在一間陰暗的小屋裡,侯海洋吐了嘴裡的血,渾身都在發痛。自從在光頭老三家裡被戴上手銬以後,他就下定決心:「無論受多大的罪,也不能承認是自己殺人,否則就完了。」他戴著反銬,無法行動,強自己著眼,讓身體放鬆,以儲存體力。
不知過了多久,房門眶的一聲被開啟,在狹小的空間,眶的聲音特別響亮。老高站在門口看了一眼,他是多年老刑警,相信「不打不突破,一打就突破」這條經驗,他對侯海洋殺人有六分相信,決定還是打一打,看看效果。

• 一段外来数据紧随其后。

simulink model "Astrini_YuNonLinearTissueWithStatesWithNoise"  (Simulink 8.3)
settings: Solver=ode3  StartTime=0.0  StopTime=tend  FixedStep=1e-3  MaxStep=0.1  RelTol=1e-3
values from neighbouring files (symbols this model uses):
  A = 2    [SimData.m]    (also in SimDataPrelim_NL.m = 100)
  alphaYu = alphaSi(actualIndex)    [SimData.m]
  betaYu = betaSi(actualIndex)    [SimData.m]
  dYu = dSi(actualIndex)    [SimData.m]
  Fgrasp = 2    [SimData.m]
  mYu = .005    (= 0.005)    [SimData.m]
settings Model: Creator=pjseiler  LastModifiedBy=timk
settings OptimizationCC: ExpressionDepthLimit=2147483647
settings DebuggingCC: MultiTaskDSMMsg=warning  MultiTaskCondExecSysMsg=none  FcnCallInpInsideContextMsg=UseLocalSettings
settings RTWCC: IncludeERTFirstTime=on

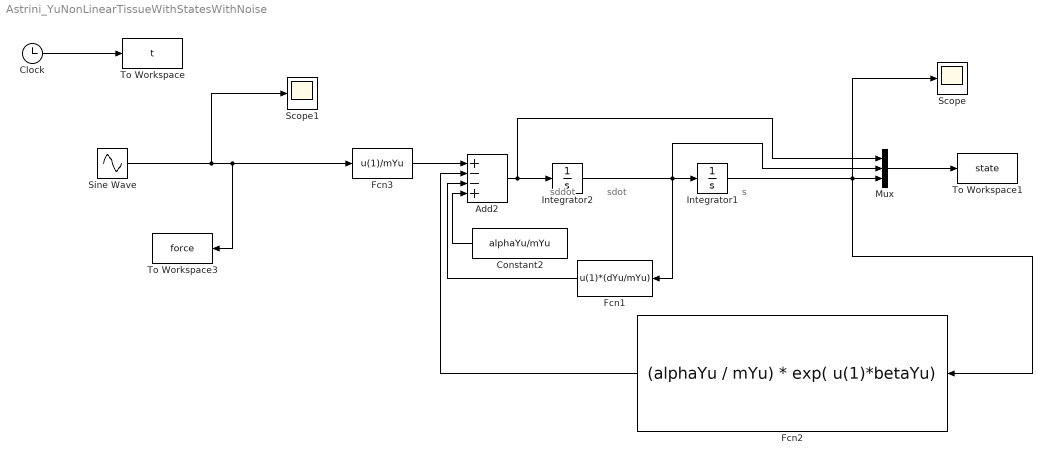
== system Astrini_YuNonLinearTissueWithStatesWithNoise ==
  note: sddot
  note: sdot
  note: s
  Add2 : Sum  Inputs=+--+
  Clock : Clock
  Constant2 : Constant  Value=alphaYu/mYu
  Fcn1 : Fcn  Expr=u(1)*(dYu/mYu)
  Fcn2 : Fcn  Expr=(alphaYu / mYu) * exp( u(1)*betaYu)
  Fcn3 : Fcn  Expr=u(1)/mYu
  Integrator1 : Integrator
  Integrator2 : Integrator
  Mux : Mux  Inputs=3
  Scope : Scope
  Scope1 : Scope
  Sine Wave : Sin  Amplitude=A/2  Bias=A/2  Frequency=Fgrasp*(2*pi)  Phase=-pi/2  SampleTime=0
  To Workspace : ToWorkspace  VariableName=t  SampleTime=-1
  To Workspace1 : ToWorkspace  VariableName=state  SampleTime=-1
  To Workspace3 : ToWorkspace  VariableName=force  SampleTime=-1
  wires:
  Clock/1 -> To Workspace/1
  Integrator2/1 -> Fcn1/1, Integrator1/1, Mux/2
  Integrator1/1 -> Fcn2/1, Scope/1, Mux/3
  Constant2/1 -> Add2/4
  Add2/1 -> Integrator2/1, Mux/1
  Fcn1/1 -> Add2/3
  Fcn2/1 -> Add2/2
  Fcn3/1 -> Add2/1
  Mux/1 -> To Workspace1/1
  Sine Wave/1 -> Scope1/1, Fcn3/1, To Workspace3/1
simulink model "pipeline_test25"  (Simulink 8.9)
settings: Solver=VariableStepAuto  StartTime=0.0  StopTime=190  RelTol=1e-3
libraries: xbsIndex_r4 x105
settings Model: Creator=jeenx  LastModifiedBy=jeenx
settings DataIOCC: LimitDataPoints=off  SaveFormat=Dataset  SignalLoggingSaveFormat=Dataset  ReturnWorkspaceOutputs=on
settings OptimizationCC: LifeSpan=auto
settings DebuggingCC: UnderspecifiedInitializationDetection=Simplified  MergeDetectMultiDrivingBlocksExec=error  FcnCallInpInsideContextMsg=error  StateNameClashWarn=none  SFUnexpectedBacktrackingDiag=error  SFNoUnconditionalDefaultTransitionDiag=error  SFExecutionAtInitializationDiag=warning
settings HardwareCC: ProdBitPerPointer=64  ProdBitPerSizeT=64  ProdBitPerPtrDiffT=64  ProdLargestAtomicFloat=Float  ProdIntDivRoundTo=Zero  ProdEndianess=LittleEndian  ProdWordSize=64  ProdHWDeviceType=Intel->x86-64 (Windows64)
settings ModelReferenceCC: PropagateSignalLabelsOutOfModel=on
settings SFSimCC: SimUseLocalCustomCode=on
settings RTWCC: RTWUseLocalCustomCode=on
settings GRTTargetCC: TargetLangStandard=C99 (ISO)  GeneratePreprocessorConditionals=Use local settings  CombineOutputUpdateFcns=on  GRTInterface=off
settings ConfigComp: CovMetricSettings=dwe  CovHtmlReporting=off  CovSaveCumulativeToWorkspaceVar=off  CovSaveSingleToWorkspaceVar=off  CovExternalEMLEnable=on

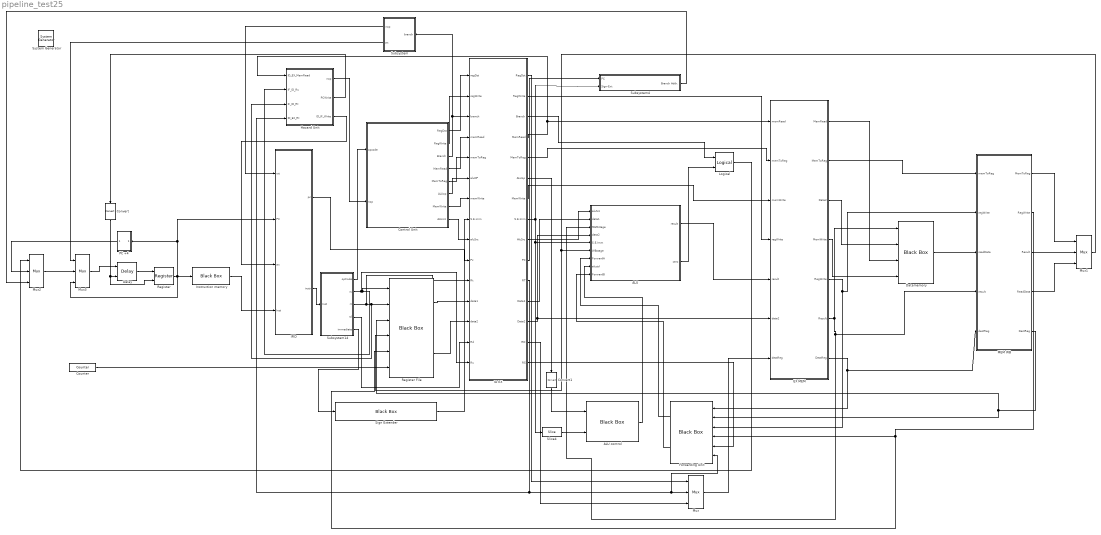
== system pipeline_test25 ==
  " System Generator" : xbsIndex_r4/ System Generator  Tag=genX  xilinxfamily=kintex7  part=xc7k325t  speed=-3  package=fbg676  synthesis_tool=Vivado  clock_wrapper=Clock Enables  directory=./netlist  proj_type=Vivado  Synth_file=Vivado Synthesis Defaults  Impl_file=Vivado Implementation Defaults  testbench=off  simulink_period=1  sysclk_period=10  dcm_input_clock_period=10  incr_netlist=off  trim_vbits=Everywhere in SubSystem  dbl_ovrd=According to Block Masks  core_generation=According to Block Masks  run_coregen=off  deprecated_control=off  eval_field=0  block_type=sysgen
  ALU : Subsystem
  ALU control : xbsIndex_r4/Black Box  init_code=ALU_control_config  sim_method=ISE Simulator  verbose=off  block_type=blackbox2
  Control Unit : Subsystem
  Convert : xbsIndex_r4/Convert  gui_display_data_type=Boolean  arith_type=Boolean  n_bits=16  bin_pt=14  float_type=Single  exp_bits=8  fraction_bits=24  quantization=Truncate  overflow=Wrap  en=off  latency=0  pipeline=off  dbl_ovrd=off  block_type=convert
  Convert1 : xbsIndex_r4/Convert  gui_display_data_type=Fixed-point  arith_type=Unsigned  n_bits=2  bin_pt=0  float_type=Single  exp_bits=8  fraction_bits=24  quantization=Truncate  overflow=Wrap  en=off  latency=0  pipeline=off  dbl_ovrd=off  block_type=convert
  Counter : xbsIndex_r4/Counter  cnt_type=Free Running  cnt_to=Inf  operation=Up  start_count=0  cnt_by_val=1  arith_type=Unsigned  n_bits=1  bin_pt=0  load_pin=off  rst=off  en=off  explicit_period=on  period=1  use_behavioral_HDL=off  implementation=Fabric  dbl_ovrd=off  block_type=counter
  Datamemory : xbsIndex_r4/Black Box  init_code=datamemory1_config  sim_method=ISE Simulator  verbose=off  block_type=blackbox2
  Delay : xbsIndex_r4/Delay  rst=off  infoeditControl=Selection of Reset will increase slice count due to use of real FFs and instead of SRLs  en=on  latency=1  reg_retiming=off  dbl_ovrd=off  block_type=delay
  EX MEM : Subsystem
  Forwarding Unit : xbsIndex_r4/Black Box  init_code=fw_u_config  sim_method=ISE Simulator  verbose=off  block_type=blackbox2
  Hazard Unit : Subsystem
  ID EX : Subsystem
  IFID : Subsystem
  Instruction memory : xbsIndex_r4/Black Box  init_code=instructionmemory_config  sim_method=ISE Simulator  verbose=off  block_type=blackbox2
  Logical : xbsIndex_r4/Logical  logical_function=AND  inputs=2  en=off  latency=0  precision=Full  arith_type=Unsigned  n_bits=16  bin_pt=0  align_bp=on  dbl_ovrd=off  block_type=logical
  MEM WB : Subsystem
  Mux : xbsIndex_r4/Mux  inputs=2  en=off  latency=0  precision=Full  arith_type=Unsigned  n_bits=16  bin_pt=14  quantization=Truncate  overflow=Wrap  dbl_ovrd=off  block_type=mux
  Mux1 : xbsIndex_r4/Mux  inputs=2  en=off  latency=0  precision=Full  arith_type=Unsigned  n_bits=16  bin_pt=14  quantization=Truncate  overflow=Wrap  dbl_ovrd=off  block_type=mux
  Mux2 : xbsIndex_r4/Mux  inputs=2  en=off  latency=0  precision=Full  arith_type=Unsigned  n_bits=32  bin_pt=0  quantization=Truncate  overflow=Wrap  dbl_ovrd=off  block_type=mux
  Mux3 : xbsIndex_r4/Mux  inputs=2  en=off  latency=0  precision=Full  arith_type=Unsigned  n_bits=16  bin_pt=14  quantization=Truncate  overflow=Wrap  dbl_ovrd=off  block_type=mux
  PC +4 : Subsystem
  Register : xbsIndex_r4/Register  init=0  rst=off  en=on  dbl_ovrd=off  block_type=register
  Register File : xbsIndex_r4/Black Box  init_code=regfile_config  sim_method=ISE Simulator  verbose=off  block_type=blackbox2
  Sign Extender : xbsIndex_r4/Black Box  init_code=SignExtender_config  sim_method=ISE Simulator  verbose=off  block_type=blackbox2
  Slice4 : xbsIndex_r4/Slice  nbits=6  boolean_output=off  mode=Lower Bit Location + Width  bit1=5  base1=Binary Point of Input  bit0=0  base0=LSB of Input  dbl_ovrd=off  block_type=slice
  Subsystem : Subsystem
  Subsystem14 : Subsystem
  Subsystem4 : Subsystem
  wires:
  EX MEM/1(MemRead) -> Datamemory/3
  ALU/1(result) -> EX MEM/5(result)
  MEM WB/2(RegWrite) -> Register File/5, Forwarding Unit/4
  Control Unit/3(Branch) -> ID EX/3(branch), Subsystem/1(branch)
  Sign Extender/1 -> ID EX/8(S.E.imm)
  Control Unit/5(MemToReg) -> ID EX/5(memToReg)
  EX MEM/4(MemWrite) -> Datamemory/4
  EX MEM/3(Data2) -> Datamemory/2
  Subsystem14/5(immediate) -> Sign Extender/1
  ID EX/15(RS) -> Forwarding Unit/5
  EX MEM/7(DestReg) -> Forwarding Unit/1, MEM WB/5(destReg)
  Slice4/1 -> ALU control/2
  Control Unit/2(RegWrite) -> ID EX/2(regWrite)
  Register File/1 -> ID EX/12(data1)
  Instruction memory/1 -> IFID/4(Inst)
  Convert1/1 -> ALU control/1
  ID EX/6(ALUop) -> Convert1/1
  ALU control/1 -> ALU/8(aluctrl)
  ALU/2(zero) -> Logical/2
  Convert/1 -> Register/2, Delay/2
  Control Unit/6(ALUop) -> ID EX/6(aluOP)
  ID EX/1(RegDst) -> Mux/1
  Hazard Unit/1(nop) -> Control Unit/2(nop)
  EX MEM/5(RegWrite) -> Forwarding Unit/3, MEM WB/2(regWrite)
  ID EX/7(MemWrite) -> EX MEM/3(memWrite)
  Subsystem/2(pc) -> Mux3/1
  ID EX/10(PC) -> Subsystem4/1(PC)
  Subsystem14/2(rs) -> ID EX/15(Rs), Hazard Unit/2(IF_ID_Rs), Register File/1
  Counter/1 -> Register File/6
  Forwarding Unit/1 -> ALU/7(ForwardA)
  Subsystem/1(nop) -> IFID/1(rst)
  Control Unit/4(MemRead) -> ID EX/4(memRead)
  MEM WB/5(DestReg) -> Register File/3, Forwarding Unit/2
  ID EX/11(RT) -> Hazard Unit/4(ID_EX_Rt), Forwarding Unit/6, Mux/2
  ID EX/3(Branch) -> Logical/1
  MEM WB/1(MemToReg) -> Mux1/1
  ID EX/4(MemRead) -> Hazard Unit/1(ID_EX_MemRead), EX MEM/1(memRead)
  Forwarding Unit/2 -> ALU/9(ForwardB)
  Datamemory/1 -> MEM WB/3(readData)
  ID EX/14(RD) -> Mux/3
  ID EX/12(Data1) -> ALU/2(data1)
  ID EX/5(MemToReg) -> EX MEM/2(memToReg)
  ID EX/13(Data2) -> EX MEM/6(data2), ALU/4(data2)
  EX MEM/2(MemToReg) -> MEM WB/1(memToReg)
  Mux3/1 -> Delay/1
  Subsystem14/1(opCode) -> Control Unit/1(opcode)
  Control Unit/1(RegDst) -> ID EX/1(regDst)
  Delay/1 -> Register/1
  ID EX/8(S.E.Imm) -> Subsystem4/2(Sign-Ext), Slice4/1, ALU/5(S.E.Imm)
  Mux1/1 -> Register File/4, ALU/6(WBstage)
  Mux2/1 -> Mux3/2
  Mux/1 -> EX MEM/7(destReg)
  Register/1 -> Instruction memory/1, Mux3/3, PC +4/1(In1), IFID/2(PC)
  MEM WB/3(Result) -> Mux1/2
  Subsystem14/3(rt) -> ID EX/11(Rt), Hazard Unit/3(IF_ID_Rt), Register File/2
  ID EX/2(RegWrite) -> EX MEM/4(regWrite)
  EX MEM/6(Result) -> MEM WB/4(result), ALU/3(MEMstage), Datamemory/1
  Hazard Unit/2(PCWrite) -> Convert/1
  IFID/2(instr) -> Subsystem14/1(Inst)
  Logical/1 -> Mux2/1
  Hazard Unit/3(ID_IF_Write) -> IFID/3(en)
  Subsystem14/4(rd) -> ID EX/14(Rd)
  Control Unit/8(ALUsrc) -> ID EX/9(aluSrc)
  Subsystem4/1(Branch Addr.) -> Mux2/3
  Register File/2 -> ID EX/13(data2)
  MEM WB/4(ReadData) -> Mux1/3
  ID EX/9(AluSrc) -> ALU/1(aluSrc)
  Control Unit/7(MemWrite) -> ID EX/7(memWrite)
  IFID/1(pc) -> ID EX/10(Pc)
  PC +4/1(Out1) -> Mux2/2

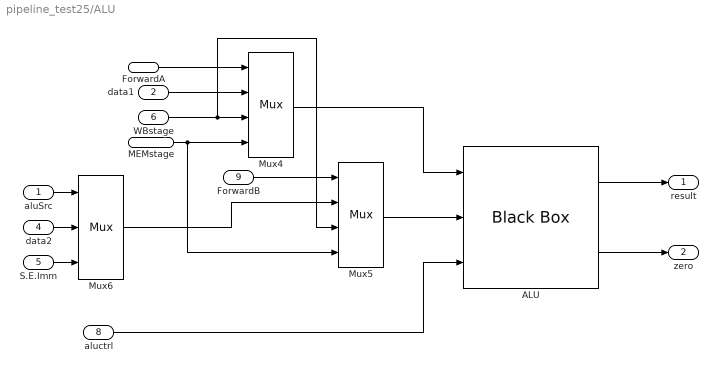
== system pipeline_test25/ALU ==
  aluSrc : Inport
  data1 : Inport  Port=2
  MEMstage : Inport  Port=3
  data2 : Inport  Port=4
  S.E.Imm : Inport  Port=5
  WBstage : Inport  Port=6
  ForwardA : Inport  Port=7
  aluctrl : Inport  Port=8
  ForwardB : Inport  Port=9
  ALU : xbsIndex_r4/Black Box  init_code=myalu_config  sim_method=ISE Simulator  verbose=off  block_type=blackbox2
  Mux4 : xbsIndex_r4/Mux  inputs=3  en=off  latency=0  precision=Full  arith_type=Unsigned  n_bits=16  bin_pt=14  quantization=Truncate  overflow=Wrap  dbl_ovrd=off  block_type=mux
  Mux5 : xbsIndex_r4/Mux  inputs=3  en=off  latency=0  precision=Full  arith_type=Unsigned  n_bits=16  bin_pt=14  quantization=Truncate  overflow=Wrap  dbl_ovrd=off  block_type=mux
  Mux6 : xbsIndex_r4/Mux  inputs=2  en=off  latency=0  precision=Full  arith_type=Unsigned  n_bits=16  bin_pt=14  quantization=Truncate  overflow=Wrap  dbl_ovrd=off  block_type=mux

一名胖漢氣勢洶洶地道:「侯海洋,光頭老三就是你殺的,現場捉獲,證據確鑿,你必須如實交代所有細節。我給你說句實話,這一次是板上釘釘的事,你交代也好,不交代也好,肯定要吃一顆子彈。我勸你早點交代,免得皮肉受苦。」
侯海洋不想意氣用事,沒有用語言刺激眼前的幾個工作人員,儘量平靜地道:「我確實沒有殺人,我到達光頭老三的家裡時,他已經被殺了。」
胖漢道:「你是鴨子死了嘴殼子硬,我們有的是辦法收拾鐵腦殼,到時候你求生不得,求死無門。等你身體垮了,再丟到看守所,你小子想被爆菊還是想爆腦殼?」
侯海洋堅持道:「我沒有殺人,我是清白的。」
幾個漢子將侯海洋拉了起來,將其雙手重新銬過,用繩子穿過手銬,吊到了窗戶邊上特製的粗大鐵桿上。胖漢子用力一拉繩子,侯海洋雙手高高被吊舉起來,雙腳離地。很快,厚毛巾包著的手腕就如被幾十根燒紅的鋼針在扎,不一會兒,豆大的汗水從額頭上滴了下來。他最初想忍著不叫,到後來,實在受不了,如野獸一樣拼命號叫起來,淚水、鼻涕一齊往下流。
過了一會兒,老高在門口道:「行了。」
侯海洋被放下來以後,大口喘著氣,臉已經痛得變形了。
胖漢子道:「雷鋒同志說過,我們對待敵人要像秋風掃落葉,不會手下留情的,你嚐到厲害了吧。」
老高慢慢踱了進來,道:「我看你也是條漢子,男子漢敢作敢當,腦殼掉了碗大一個疤,最終你也要招,這樣死撐著有什麼意義?」
侯海洋在心裡給自己打氣:「若是招供,我就是死路一條,再也看不見爸爸、媽媽、姐姐、秋雲。」
老高又耐心地道:「你有什麼想法,可以說來聽聽,或許對我們破案有幫助。」
侯海洋鼻涕還掛在嘴邊,道:「我沒有殺人,我是清白的。我進屋的時候,門沒有關,桌上還有香菸。」
胖漢子惡狠狠地道:「你還有什麼遺言,早點說。」